A non fiction film about any phase of John Lennon’s life is the documentarian’s equivalent of a wide open net. His transformation from Teddy Boy Liverpudlian rocker to international pop star, then aggressive peacenik took place during an endlessly photogenic and photographed era and is a gift for any dramatist. Not to mention the gaudily-appropriate soundtrack befitting every emotional crest and valley.

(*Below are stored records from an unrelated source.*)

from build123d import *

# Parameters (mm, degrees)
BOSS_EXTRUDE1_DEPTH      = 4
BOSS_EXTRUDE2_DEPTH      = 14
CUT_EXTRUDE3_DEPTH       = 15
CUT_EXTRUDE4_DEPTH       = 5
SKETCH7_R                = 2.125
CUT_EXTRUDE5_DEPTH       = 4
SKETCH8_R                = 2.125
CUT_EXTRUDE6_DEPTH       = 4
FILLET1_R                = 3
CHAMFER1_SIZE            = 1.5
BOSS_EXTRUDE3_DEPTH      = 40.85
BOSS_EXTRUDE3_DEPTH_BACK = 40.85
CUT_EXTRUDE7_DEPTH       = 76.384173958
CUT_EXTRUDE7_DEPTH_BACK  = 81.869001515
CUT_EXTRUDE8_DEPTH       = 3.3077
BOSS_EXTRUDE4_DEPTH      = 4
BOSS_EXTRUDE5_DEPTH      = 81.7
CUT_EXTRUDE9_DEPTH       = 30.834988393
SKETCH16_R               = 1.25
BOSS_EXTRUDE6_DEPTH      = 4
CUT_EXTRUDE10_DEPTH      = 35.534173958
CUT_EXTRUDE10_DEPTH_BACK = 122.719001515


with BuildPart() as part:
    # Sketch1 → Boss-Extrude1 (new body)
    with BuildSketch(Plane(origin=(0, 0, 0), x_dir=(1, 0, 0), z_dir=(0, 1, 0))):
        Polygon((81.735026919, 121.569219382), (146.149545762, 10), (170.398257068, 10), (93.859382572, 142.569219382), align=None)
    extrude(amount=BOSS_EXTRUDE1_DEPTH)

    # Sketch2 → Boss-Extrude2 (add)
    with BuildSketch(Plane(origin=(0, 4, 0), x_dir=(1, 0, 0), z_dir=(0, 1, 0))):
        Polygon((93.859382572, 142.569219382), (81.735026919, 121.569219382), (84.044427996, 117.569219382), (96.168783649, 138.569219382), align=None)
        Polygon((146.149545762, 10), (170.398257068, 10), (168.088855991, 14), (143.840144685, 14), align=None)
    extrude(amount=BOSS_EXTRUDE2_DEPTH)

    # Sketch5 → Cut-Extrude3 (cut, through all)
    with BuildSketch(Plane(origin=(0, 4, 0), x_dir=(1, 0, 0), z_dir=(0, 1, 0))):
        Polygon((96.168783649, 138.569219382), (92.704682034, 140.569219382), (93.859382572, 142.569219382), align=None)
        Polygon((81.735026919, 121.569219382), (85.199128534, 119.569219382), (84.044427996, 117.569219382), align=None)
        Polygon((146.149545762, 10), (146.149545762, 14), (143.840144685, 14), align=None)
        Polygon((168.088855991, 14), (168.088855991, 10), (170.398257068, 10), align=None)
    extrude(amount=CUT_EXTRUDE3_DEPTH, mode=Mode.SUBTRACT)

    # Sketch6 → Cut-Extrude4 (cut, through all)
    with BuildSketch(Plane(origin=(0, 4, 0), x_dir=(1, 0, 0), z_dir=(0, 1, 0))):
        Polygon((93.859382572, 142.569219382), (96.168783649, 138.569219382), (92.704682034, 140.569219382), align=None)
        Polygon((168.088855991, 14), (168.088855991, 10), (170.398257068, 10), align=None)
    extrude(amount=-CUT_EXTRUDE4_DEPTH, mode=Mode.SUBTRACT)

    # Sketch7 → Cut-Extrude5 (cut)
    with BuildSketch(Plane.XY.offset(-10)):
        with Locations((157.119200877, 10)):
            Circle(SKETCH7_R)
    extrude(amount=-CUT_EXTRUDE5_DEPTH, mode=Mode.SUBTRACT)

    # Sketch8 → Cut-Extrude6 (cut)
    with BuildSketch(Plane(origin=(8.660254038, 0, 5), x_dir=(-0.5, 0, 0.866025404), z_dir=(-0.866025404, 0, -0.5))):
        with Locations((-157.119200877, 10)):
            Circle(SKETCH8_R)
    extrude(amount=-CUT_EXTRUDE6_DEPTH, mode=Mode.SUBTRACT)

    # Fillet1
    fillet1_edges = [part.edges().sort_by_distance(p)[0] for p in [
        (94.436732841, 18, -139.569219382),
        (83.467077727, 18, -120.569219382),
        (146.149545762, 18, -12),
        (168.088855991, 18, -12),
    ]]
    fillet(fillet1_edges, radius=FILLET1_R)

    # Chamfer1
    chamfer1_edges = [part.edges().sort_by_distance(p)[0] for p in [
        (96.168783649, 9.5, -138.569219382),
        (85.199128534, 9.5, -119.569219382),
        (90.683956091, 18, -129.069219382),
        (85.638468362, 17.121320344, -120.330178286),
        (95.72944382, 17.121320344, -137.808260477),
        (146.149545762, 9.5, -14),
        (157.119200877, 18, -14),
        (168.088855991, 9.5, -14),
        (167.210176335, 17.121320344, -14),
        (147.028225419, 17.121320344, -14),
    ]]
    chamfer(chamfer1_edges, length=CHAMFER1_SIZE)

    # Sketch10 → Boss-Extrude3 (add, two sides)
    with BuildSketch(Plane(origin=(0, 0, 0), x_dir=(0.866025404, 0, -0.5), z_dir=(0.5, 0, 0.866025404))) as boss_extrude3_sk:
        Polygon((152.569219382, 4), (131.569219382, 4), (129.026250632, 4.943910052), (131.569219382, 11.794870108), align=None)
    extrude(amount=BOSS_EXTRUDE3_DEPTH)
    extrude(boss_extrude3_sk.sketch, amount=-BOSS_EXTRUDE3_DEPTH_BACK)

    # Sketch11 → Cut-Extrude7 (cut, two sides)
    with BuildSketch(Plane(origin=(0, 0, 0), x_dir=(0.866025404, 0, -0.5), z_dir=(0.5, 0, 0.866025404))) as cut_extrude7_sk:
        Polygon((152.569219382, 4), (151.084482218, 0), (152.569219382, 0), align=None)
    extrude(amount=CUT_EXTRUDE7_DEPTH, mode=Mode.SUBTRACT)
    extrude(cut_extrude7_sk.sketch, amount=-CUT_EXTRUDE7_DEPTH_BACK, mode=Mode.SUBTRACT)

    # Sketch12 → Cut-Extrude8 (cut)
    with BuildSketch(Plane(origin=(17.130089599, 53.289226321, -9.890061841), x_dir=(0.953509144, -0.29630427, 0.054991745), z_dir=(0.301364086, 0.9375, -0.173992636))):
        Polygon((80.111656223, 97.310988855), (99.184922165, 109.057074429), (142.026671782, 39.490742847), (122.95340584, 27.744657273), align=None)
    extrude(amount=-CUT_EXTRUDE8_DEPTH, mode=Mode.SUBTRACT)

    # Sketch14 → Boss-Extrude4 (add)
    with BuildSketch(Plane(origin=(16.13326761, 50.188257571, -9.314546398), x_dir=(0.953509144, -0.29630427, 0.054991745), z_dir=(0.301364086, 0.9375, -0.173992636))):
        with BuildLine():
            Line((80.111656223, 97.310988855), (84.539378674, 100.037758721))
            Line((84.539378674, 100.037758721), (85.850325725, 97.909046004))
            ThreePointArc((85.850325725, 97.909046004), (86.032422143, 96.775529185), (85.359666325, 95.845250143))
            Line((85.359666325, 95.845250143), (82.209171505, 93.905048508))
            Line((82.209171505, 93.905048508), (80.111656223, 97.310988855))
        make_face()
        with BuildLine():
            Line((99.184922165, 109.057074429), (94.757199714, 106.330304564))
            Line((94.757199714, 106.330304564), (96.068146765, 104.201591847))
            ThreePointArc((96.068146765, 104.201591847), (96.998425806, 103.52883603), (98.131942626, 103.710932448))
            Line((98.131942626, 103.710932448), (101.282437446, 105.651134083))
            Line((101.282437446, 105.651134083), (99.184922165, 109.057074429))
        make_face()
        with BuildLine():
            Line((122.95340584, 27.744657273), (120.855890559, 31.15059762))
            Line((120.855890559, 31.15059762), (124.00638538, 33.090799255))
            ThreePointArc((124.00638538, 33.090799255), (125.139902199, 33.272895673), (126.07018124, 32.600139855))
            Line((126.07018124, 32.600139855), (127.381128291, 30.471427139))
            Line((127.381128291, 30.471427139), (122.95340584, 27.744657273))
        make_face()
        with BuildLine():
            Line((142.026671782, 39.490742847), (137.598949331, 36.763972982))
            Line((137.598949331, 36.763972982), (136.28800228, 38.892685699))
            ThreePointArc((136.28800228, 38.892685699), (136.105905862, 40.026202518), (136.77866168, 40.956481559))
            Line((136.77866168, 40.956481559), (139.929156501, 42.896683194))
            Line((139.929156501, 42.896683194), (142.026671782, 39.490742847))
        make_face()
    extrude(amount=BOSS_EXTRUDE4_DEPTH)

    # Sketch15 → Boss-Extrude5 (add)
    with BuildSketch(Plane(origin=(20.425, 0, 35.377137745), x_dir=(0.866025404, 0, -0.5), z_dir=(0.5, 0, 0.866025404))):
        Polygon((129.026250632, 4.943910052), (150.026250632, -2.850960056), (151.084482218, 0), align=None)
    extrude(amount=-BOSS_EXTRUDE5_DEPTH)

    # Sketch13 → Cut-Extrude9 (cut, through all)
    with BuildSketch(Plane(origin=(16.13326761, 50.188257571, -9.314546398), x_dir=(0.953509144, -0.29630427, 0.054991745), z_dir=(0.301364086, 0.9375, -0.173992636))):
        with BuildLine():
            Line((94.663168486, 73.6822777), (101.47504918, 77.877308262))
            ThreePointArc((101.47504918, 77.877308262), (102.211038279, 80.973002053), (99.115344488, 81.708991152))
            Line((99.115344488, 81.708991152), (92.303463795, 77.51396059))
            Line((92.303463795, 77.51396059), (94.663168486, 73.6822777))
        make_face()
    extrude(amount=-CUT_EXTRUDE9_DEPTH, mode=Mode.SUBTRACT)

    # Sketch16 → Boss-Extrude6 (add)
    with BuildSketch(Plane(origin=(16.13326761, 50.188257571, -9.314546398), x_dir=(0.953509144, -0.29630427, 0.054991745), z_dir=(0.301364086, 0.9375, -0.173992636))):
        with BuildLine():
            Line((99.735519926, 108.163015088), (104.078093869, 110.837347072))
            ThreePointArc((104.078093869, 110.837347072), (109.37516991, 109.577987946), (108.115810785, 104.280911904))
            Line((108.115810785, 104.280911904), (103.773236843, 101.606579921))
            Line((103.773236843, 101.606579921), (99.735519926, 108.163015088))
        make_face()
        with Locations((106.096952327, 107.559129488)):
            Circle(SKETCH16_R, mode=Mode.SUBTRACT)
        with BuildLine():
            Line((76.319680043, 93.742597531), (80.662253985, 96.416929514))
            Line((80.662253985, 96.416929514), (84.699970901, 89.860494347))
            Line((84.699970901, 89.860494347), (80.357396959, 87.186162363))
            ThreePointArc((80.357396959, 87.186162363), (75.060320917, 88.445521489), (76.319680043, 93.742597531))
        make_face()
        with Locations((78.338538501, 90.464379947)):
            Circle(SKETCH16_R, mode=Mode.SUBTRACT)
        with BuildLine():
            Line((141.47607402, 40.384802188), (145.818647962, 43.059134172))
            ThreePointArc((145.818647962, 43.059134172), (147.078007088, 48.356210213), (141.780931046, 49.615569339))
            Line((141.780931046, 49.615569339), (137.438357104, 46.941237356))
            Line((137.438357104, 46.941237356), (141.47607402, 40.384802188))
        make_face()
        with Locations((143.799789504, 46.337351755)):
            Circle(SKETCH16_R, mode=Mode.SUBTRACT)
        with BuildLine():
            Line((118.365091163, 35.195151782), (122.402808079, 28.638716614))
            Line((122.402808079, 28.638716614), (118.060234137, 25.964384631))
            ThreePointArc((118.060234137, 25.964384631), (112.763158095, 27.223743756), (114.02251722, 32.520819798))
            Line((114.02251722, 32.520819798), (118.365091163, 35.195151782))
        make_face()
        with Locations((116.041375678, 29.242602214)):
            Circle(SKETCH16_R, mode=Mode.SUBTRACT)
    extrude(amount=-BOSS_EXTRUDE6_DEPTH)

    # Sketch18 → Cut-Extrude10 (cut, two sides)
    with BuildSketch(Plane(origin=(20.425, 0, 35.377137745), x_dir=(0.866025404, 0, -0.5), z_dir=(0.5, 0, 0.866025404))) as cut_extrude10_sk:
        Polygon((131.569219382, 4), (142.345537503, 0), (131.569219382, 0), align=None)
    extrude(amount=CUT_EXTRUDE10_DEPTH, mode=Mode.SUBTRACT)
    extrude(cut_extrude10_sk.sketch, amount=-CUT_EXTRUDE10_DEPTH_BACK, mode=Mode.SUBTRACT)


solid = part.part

The lead up to Lennon’s run-in with the state department is familiar territory and hits all the emotional high points, gliding from touchstone to touchstone of 60s iconography: there’s Nixon’s ramrod straight stick-up-the-arse amorality, LBJ’s hangdog-reluctant jingoism, long-haired moral righteousness pounded into submission by Daley’s swinging batons and of course that tirelessly time-resistant phenomenon, Beatlemania. The new footage consists of talking heads offering typically polarized takes on why the FBI tried to get the newly solo Beatle out of New York City, a process that dragged on for years. The usual suspects are there — G. Gordon Liddy plays the unambiguously unrepentant commie-hating pinko baiter, gladly offering up evidence of Nixonian paranoia. Yoko Ono, as expected, slips into hyperbolic bombast at times, but is the irreplaceable witness for what is increasingly a sort of cult around the life of Saint John. But it’s Lennon’s appearance on film, achingly familiar, that’s a welcome counterweight to some of his friends’ mush-minded attempts at social contextualization. He’s so cynical, sharp and often just fucking hilarious, that oddly he justifies both his acolytes’ worship and his enemies’ fears. He was a genuine threat to something Nixon, Hunt, Liddy and Dean represented, and unlike the other radicals, his songs had a beat you could dance to.